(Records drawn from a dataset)
Segment Open

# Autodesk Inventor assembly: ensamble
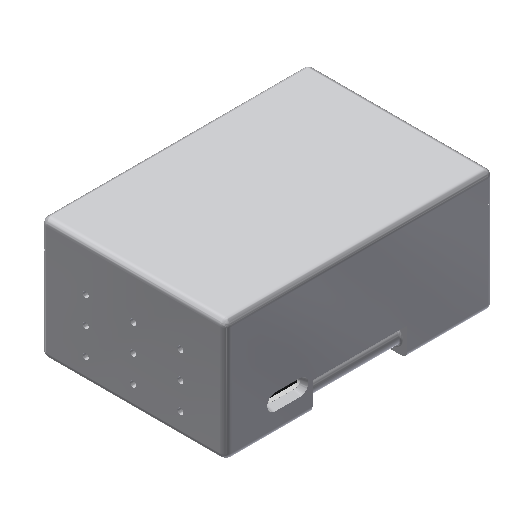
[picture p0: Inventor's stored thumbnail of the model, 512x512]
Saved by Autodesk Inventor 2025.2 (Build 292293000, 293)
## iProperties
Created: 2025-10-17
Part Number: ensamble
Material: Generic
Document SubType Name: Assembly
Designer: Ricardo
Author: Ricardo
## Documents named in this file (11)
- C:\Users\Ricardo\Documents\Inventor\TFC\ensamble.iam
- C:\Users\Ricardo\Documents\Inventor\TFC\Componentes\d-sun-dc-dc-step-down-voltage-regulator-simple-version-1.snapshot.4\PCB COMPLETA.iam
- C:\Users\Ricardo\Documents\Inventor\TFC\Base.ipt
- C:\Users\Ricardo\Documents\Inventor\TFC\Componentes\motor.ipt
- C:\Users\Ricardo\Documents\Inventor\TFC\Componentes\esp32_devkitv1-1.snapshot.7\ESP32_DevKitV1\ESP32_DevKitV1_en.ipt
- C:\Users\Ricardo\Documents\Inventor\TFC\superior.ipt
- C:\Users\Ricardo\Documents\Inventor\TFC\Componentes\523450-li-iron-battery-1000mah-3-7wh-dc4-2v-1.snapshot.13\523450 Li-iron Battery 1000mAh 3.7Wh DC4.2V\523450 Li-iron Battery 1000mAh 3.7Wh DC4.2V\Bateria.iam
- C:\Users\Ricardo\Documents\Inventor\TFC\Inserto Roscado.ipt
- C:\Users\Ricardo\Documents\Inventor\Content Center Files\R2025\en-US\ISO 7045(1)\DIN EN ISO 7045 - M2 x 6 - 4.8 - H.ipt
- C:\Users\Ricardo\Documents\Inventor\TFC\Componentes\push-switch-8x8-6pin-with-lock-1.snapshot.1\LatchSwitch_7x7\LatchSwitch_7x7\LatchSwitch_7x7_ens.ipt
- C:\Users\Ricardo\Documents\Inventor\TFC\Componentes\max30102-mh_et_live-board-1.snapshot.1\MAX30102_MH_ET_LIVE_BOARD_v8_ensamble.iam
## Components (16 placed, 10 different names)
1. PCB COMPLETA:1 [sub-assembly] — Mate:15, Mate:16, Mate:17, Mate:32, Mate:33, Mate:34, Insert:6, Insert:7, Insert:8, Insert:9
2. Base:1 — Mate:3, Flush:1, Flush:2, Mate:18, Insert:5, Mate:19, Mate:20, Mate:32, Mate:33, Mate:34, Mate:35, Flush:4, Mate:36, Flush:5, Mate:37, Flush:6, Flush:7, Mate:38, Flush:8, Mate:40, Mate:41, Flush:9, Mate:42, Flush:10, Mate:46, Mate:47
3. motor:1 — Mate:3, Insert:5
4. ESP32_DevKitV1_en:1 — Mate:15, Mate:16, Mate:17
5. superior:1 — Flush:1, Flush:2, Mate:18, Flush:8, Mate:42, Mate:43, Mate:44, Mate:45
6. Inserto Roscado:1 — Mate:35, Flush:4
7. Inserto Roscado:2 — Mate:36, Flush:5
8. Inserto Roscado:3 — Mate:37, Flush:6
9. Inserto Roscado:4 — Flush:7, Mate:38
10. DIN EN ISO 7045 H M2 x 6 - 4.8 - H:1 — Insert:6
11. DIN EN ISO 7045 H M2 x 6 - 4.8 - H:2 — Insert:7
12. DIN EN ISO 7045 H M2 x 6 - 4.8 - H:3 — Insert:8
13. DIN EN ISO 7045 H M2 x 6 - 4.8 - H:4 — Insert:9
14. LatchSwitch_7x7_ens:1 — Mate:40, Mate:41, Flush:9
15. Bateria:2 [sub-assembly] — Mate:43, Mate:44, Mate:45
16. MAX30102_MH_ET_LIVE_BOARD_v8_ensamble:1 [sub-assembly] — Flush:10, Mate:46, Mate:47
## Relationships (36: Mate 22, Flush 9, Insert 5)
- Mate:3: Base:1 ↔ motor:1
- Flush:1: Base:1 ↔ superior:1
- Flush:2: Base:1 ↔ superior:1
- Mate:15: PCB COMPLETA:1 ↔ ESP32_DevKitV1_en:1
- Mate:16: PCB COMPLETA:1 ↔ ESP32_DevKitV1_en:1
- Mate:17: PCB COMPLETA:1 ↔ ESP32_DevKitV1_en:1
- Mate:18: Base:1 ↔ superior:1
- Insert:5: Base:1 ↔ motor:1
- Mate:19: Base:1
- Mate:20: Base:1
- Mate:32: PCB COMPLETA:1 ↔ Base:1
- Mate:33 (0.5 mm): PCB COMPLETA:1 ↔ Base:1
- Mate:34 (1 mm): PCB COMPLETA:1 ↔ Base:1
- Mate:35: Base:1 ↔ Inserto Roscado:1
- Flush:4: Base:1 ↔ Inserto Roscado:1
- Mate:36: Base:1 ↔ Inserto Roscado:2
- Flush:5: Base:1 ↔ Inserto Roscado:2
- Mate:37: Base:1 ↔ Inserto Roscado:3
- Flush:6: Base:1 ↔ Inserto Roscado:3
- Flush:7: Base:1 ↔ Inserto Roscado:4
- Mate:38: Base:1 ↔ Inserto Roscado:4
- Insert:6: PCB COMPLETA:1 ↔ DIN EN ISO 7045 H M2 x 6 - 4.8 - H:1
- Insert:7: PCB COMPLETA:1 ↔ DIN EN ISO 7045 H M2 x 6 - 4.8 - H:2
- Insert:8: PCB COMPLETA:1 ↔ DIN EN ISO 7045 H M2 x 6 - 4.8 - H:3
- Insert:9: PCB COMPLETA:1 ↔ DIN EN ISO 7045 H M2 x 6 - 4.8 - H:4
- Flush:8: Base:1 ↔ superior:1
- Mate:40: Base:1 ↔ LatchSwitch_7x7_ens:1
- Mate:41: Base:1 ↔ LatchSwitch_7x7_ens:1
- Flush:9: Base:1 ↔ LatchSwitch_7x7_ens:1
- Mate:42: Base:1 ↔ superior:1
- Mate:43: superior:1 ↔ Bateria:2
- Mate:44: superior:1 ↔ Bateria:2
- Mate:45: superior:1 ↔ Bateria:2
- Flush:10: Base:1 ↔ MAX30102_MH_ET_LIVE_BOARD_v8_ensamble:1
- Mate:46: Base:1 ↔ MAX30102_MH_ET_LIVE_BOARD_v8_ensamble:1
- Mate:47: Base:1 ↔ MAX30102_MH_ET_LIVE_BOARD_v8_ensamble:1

Segment Closed

* Prompt
Output the lines above verbatim, images excluded.

* Exercise response
# Autodesk Inventor assembly: ensamble
[picture p0: Inventor's stored thumbnail of the model, 512x512]
Saved by Autodesk Inventor 2025.2 (Build 292293000, 293)
## iProperties
Created: 2025-10-17
Part Number: ensamble
Material: Generic
Document SubType Name: Assembly
Designer: Ricardo
Author: Ricardo
## Documents named in this file (11)
- C:\Users\Ricardo\Documents\Inventor\TFC\ensamble.iam
- C:\Users\Ricardo\Documents\Inventor\TFC\Componentes\d-sun-dc-dc-step-down-voltage-regulator-simple-version-1.snapshot.4\PCB COMPLETA.iam
- C:\Users\Ricardo\Documents\Inventor\TFC\Base.ipt
- C:\Users\Ricardo\Documents\Inventor\TFC\Componentes\motor.ipt
- C:\Users\Ricardo\Documents\Inventor\TFC\Componentes\esp32_devkitv1-1.snapshot.7\ESP32_DevKitV1\ESP32_DevKitV1_en.ipt
- C:\Users\Ricardo\Documents\Inventor\TFC\superior.ipt
- C:\Users\Ricardo\Documents\Inventor\TFC\Componentes\523450-li-iron-battery-1000mah-3-7wh-dc4-2v-1.snapshot.13\523450 Li-iron Battery 1000mAh 3.7Wh DC4.2V\523450 Li-iron Battery 1000mAh 3.7Wh DC4.2V\Bateria.iam
- C:\Users\Ricardo\Documents\Inventor\TFC\Inserto Roscado.ipt
- C:\Users\Ricardo\Documents\Inventor\Content Center Files\R2025\en-US\ISO 7045(1)\DIN EN ISO 7045 - M2 x 6 - 4.8 - H.ipt
- C:\Users\Ricardo\Documents\Inventor\TFC\Componentes\push-switch-8x8-6pin-with-lock-1.snapshot.1\LatchSwitch_7x7\LatchSwitch_7x7\LatchSwitch_7x7_ens.ipt
- C:\Users\Ricardo\Documents\Inventor\TFC\Componentes\max30102-mh_et_live-board-1.snapshot.1\MAX30102_MH_ET_LIVE_BOARD_v8_ensamble.iam
## Components (16 placed, 10 different names)
1. PCB COMPLETA:1 [sub-assembly] — Mate:15, Mate:16, Mate:17, Mate:32, Mate:33, Mate:34, Insert:6, Insert:7, Insert:8, Insert:9
2. Base:1 — Mate:3, Flush:1, Flush:2, Mate:18, Insert:5, Mate:19, Mate:20, Mate:32, Mate:33, Mate:34, Mate:35, Flush:4, Mate:36, Flush:5, Mate:37, Flush:6, Flush:7, Mate:38, Flush:8, Mate:40, Mate:41, Flush:9, Mate:42, Flush:10, Mate:46, Mate:47
3. motor:1 — Mate:3, Insert:5
4. ESP32_DevKitV1_en:1 — Mate:15, Mate:16, Mate:17
5. superior:1 — Flush:1, Flush:2, Mate:18, Flush:8, Mate:42, Mate:43, Mate:44, Mate:45
6. Inserto Roscado:1 — Mate:35, Flush:4
7. Inserto Roscado:2 — Mate:36, Flush:5
8. Inserto Roscado:3 — Mate:37, Flush:6
9. Inserto Roscado:4 — Flush:7, Mate:38
10. DIN EN ISO 7045 H M2 x 6 - 4.8 - H:1 — Insert:6
11. DIN EN ISO 7045 H M2 x 6 - 4.8 - H:2 — Insert:7
12. DIN EN ISO 7045 H M2 x 6 - 4.8 - H:3 — Insert:8
13. DIN EN ISO 7045 H M2 x 6 - 4.8 - H:4 — Insert:9
14. LatchSwitch_7x7_ens:1 — Mate:40, Mate:41, Flush:9
15. Bateria:2 [sub-assembly] — Mate:43, Mate:44, Mate:45
16. MAX30102_MH_ET_LIVE_BOARD_v8_ensamble:1 [sub-assembly] — Flush:10, Mate:46, Mate:47
## Relationships (36: Mate 22, Flush 9, Insert 5)
- Mate:3: Base:1 ↔ motor:1
- Flush:1: Base:1 ↔ superior:1
- Flush:2: Base:1 ↔ superior:1
- Mate:15: PCB COMPLETA:1 ↔ ESP32_DevKitV1_en:1
- Mate:16: PCB COMPLETA:1 ↔ ESP32_DevKitV1_en:1
- Mate:17: PCB COMPLETA:1 ↔ ESP32_DevKitV1_en:1
- Mate:18: Base:1 ↔ superior:1
- Insert:5: Base:1 ↔ motor:1
- Mate:19: Base:1
- Mate:20: Base:1
- Mate:32: PCB COMPLETA:1 ↔ Base:1
- Mate:33 (0.5 mm): PCB COMPLETA:1 ↔ Base:1
- Mate:34 (1 mm): PCB COMPLETA:1 ↔ Base:1
- Mate:35: Base:1 ↔ Inserto Roscado:1
- Flush:4: Base:1 ↔ Inserto Roscado:1
- Mate:36: Base:1 ↔ Inserto Roscado:2
- Flush:5: Base:1 ↔ Inserto Roscado:2
- Mate:37: Base:1 ↔ Inserto Roscado:3
- Flush:6: Base:1 ↔ Inserto Roscado:3
- Flush:7: Base:1 ↔ Inserto Roscado:4
- Mate:38: Base:1 ↔ Inserto Roscado:4
- Insert:6: PCB COMPLETA:1 ↔ DIN EN ISO 7045 H M2 x 6 - 4.8 - H:1
- Insert:7: PCB COMPLETA:1 ↔ DIN EN ISO 7045 H M2 x 6 - 4.8 - H:2
- Insert:8: PCB COMPLETA:1 ↔ DIN EN ISO 7045 H M2 x 6 - 4.8 - H:3
- Insert:9: PCB COMPLETA:1 ↔ DIN EN ISO 7045 H M2 x 6 - 4.8 - H:4
- Flush:8: Base:1 ↔ superior:1
- Mate:40: Base:1 ↔ LatchSwitch_7x7_ens:1
- Mate:41: Base:1 ↔ LatchSwitch_7x7_ens:1
- Flush:9: Base:1 ↔ LatchSwitch_7x7_ens:1
- Mate:42: Base:1 ↔ superior:1
- Mate:43: superior:1 ↔ Bateria:2
- Mate:44: superior:1 ↔ Bateria:2
- Mate:45: superior:1 ↔ Bateria:2
- Flush:10: Base:1 ↔ MAX30102_MH_ET_LIVE_BOARD_v8_ensamble:1
- Mate:46: Base:1 ↔ MAX30102_MH_ET_LIVE_BOARD_v8_ensamble:1
- Mate:47: Base:1 ↔ MAX30102_MH_ET_LIVE_BOARD_v8_ensamble:1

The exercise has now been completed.